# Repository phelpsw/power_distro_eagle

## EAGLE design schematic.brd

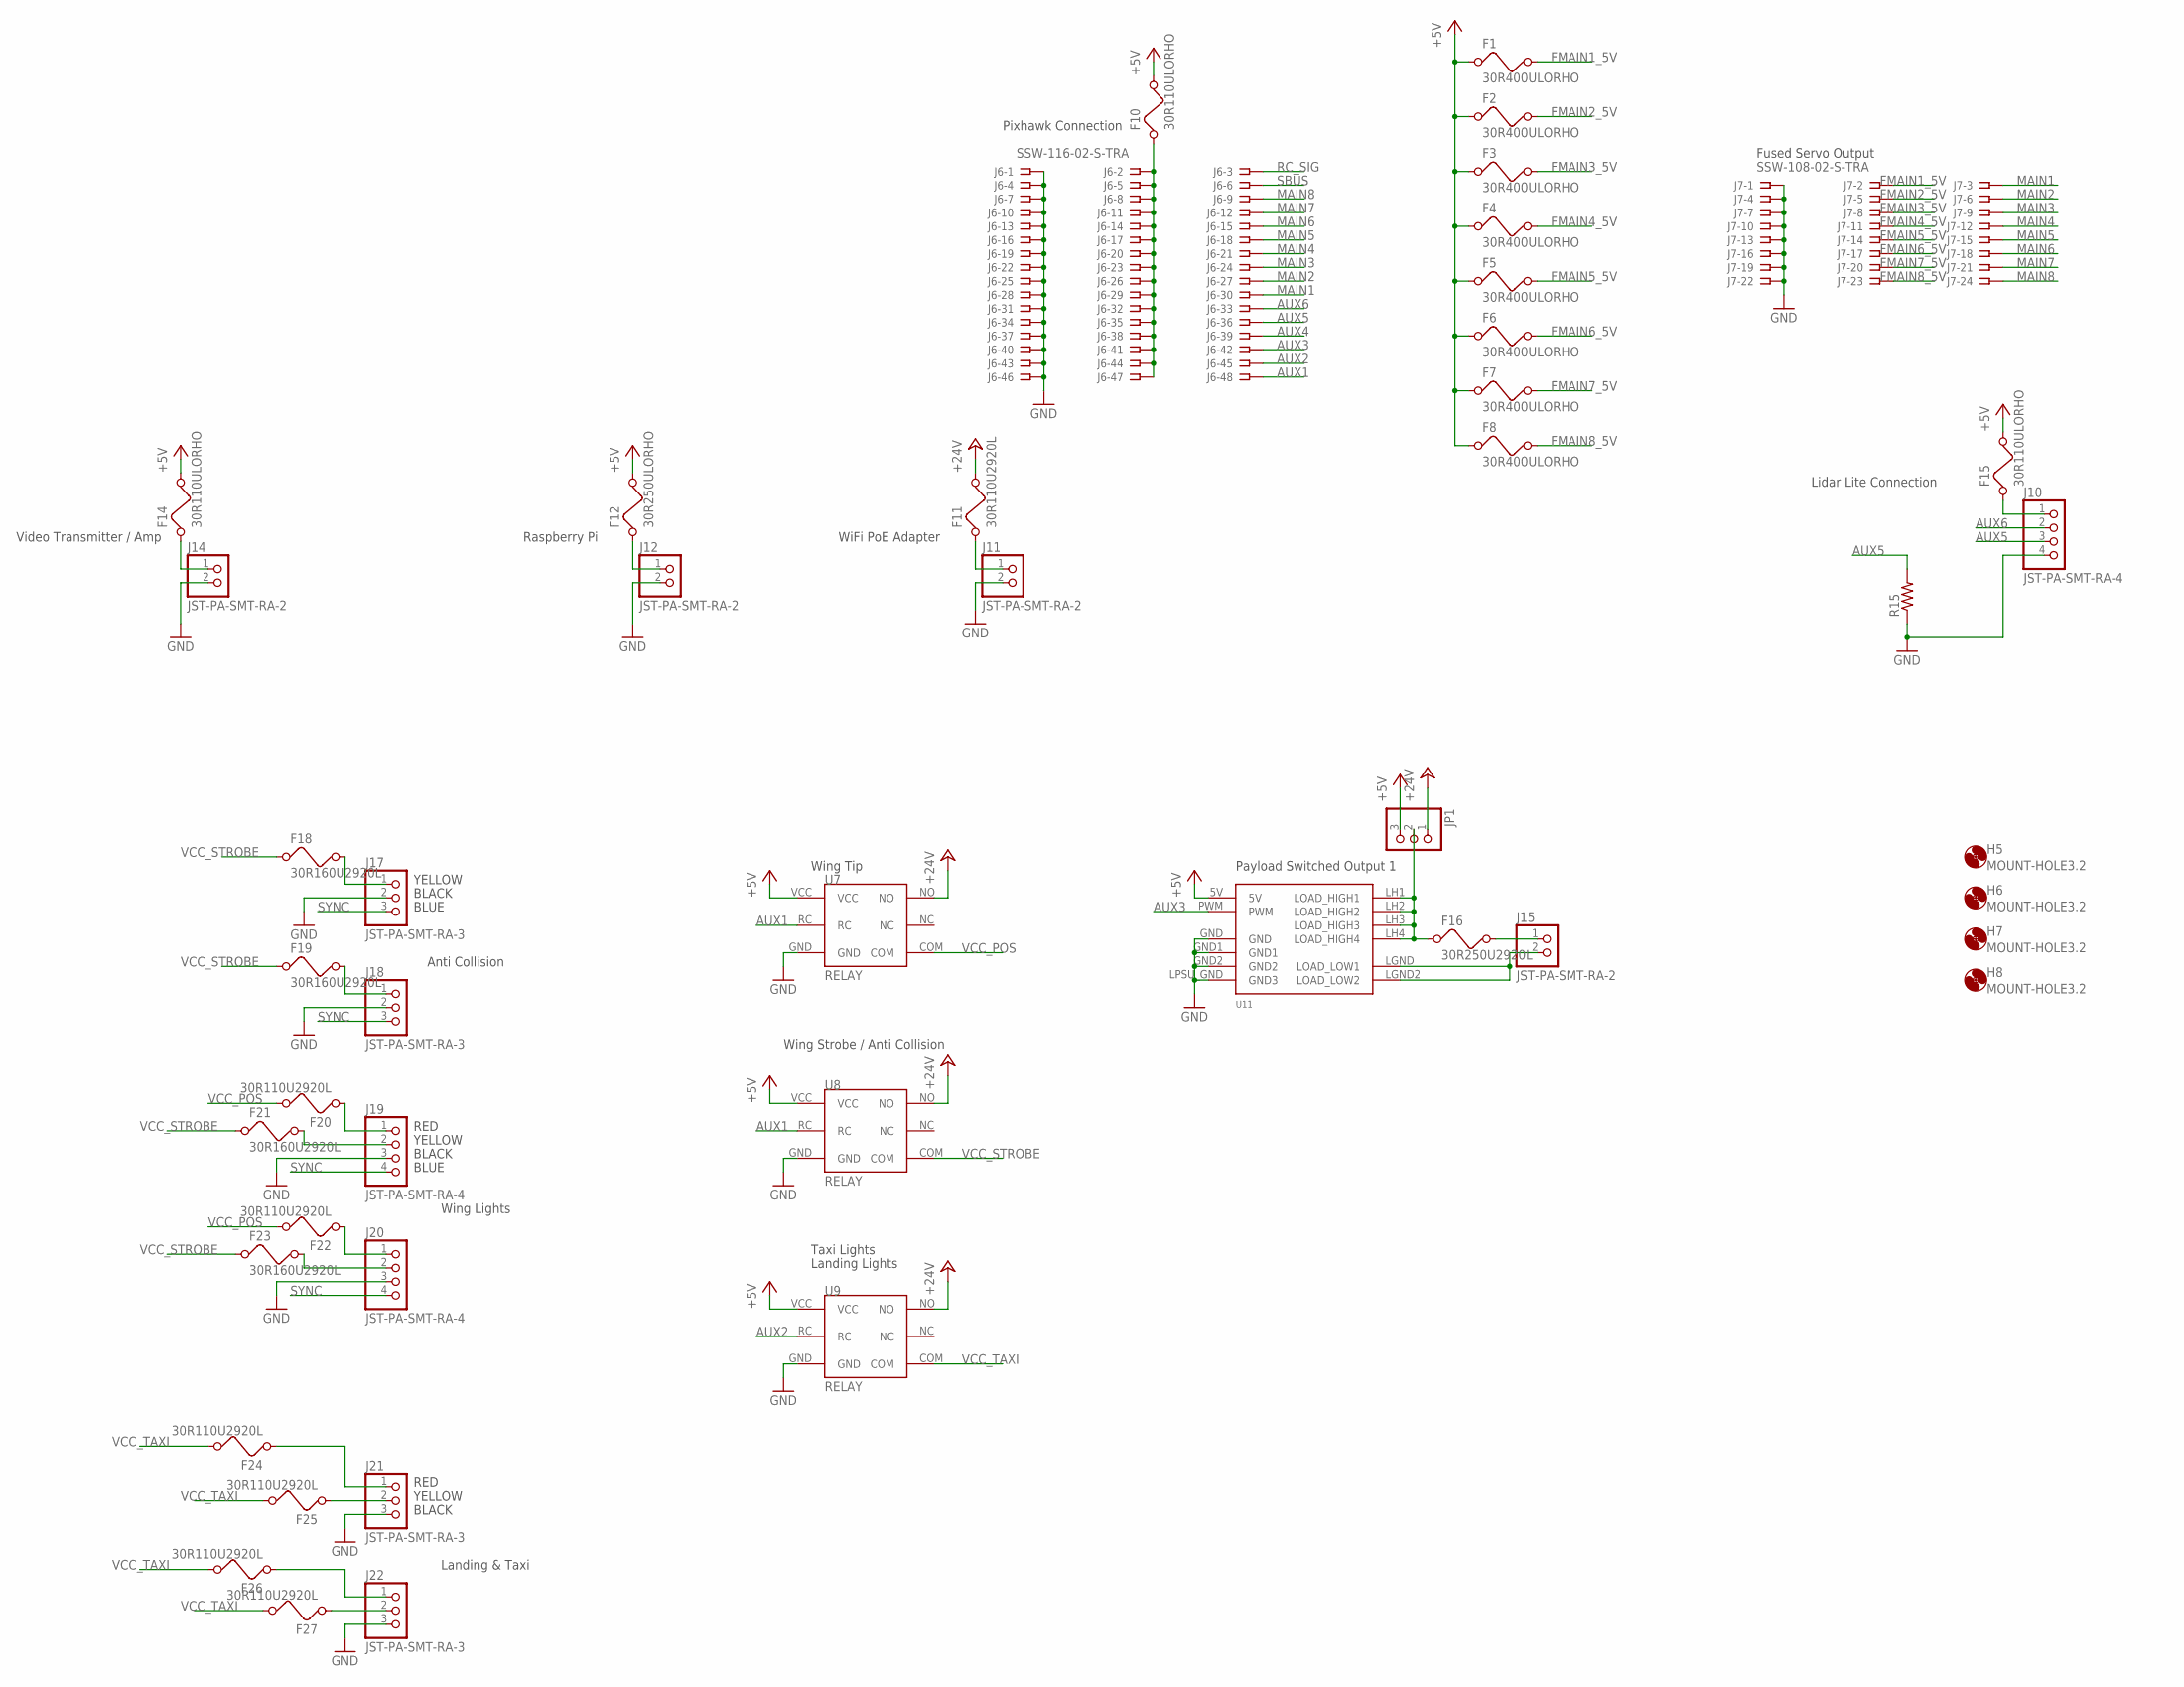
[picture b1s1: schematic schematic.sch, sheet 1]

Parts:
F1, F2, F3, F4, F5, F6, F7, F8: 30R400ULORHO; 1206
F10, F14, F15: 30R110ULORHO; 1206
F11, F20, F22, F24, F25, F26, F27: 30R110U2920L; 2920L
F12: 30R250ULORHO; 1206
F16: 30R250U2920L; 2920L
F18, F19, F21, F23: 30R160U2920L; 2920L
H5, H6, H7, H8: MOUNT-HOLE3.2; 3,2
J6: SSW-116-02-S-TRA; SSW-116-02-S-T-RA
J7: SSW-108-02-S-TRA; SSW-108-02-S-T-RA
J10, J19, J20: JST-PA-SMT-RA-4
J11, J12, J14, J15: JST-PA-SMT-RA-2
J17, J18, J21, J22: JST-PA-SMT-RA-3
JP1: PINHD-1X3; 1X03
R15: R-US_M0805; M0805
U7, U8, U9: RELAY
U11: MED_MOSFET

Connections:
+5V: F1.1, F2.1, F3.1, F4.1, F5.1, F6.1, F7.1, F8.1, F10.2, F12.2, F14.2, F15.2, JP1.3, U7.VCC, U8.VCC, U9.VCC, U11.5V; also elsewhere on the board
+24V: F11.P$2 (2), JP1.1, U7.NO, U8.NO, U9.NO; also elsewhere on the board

=== Task brief ===
In transcribing the listing, keep each word as it is and drop the pictures.

=== Response below ===
# Repository phelpsw/power_distro_eagle

## EAGLE design schematic.brd

[picture b1s1: schematic schematic.sch, sheet 1]

Parts:
F1, F2, F3, F4, F5, F6, F7, F8: 30R400ULORHO; 1206
F10, F14, F15: 30R110ULORHO; 1206
F11, F20, F22, F24, F25, F26, F27: 30R110U2920L; 2920L
F12: 30R250ULORHO; 1206
F16: 30R250U2920L; 2920L
F18, F19, F21, F23: 30R160U2920L; 2920L
H5, H6, H7, H8: MOUNT-HOLE3.2; 3,2
J6: SSW-116-02-S-TRA; SSW-116-02-S-T-RA
J7: SSW-108-02-S-TRA; SSW-108-02-S-T-RA
J10, J19, J20: JST-PA-SMT-RA-4
J11, J12, J14, J15: JST-PA-SMT-RA-2
J17, J18, J21, J22: JST-PA-SMT-RA-3
JP1: PINHD-1X3; 1X03
R15: R-US_M0805; M0805
U7, U8, U9: RELAY
U11: MED_MOSFET

Connections:
+5V: F1.1, F2.1, F3.1, F4.1, F5.1, F6.1, F7.1, F8.1, F10.2, F12.2, F14.2, F15.2, JP1.3, U7.VCC, U8.VCC, U9.VCC, U11.5V; also elsewhere on the board
+24V: F11.P$2 (2), JP1.1, U7.NO, U8.NO, U9.NO; also elsewhere on the board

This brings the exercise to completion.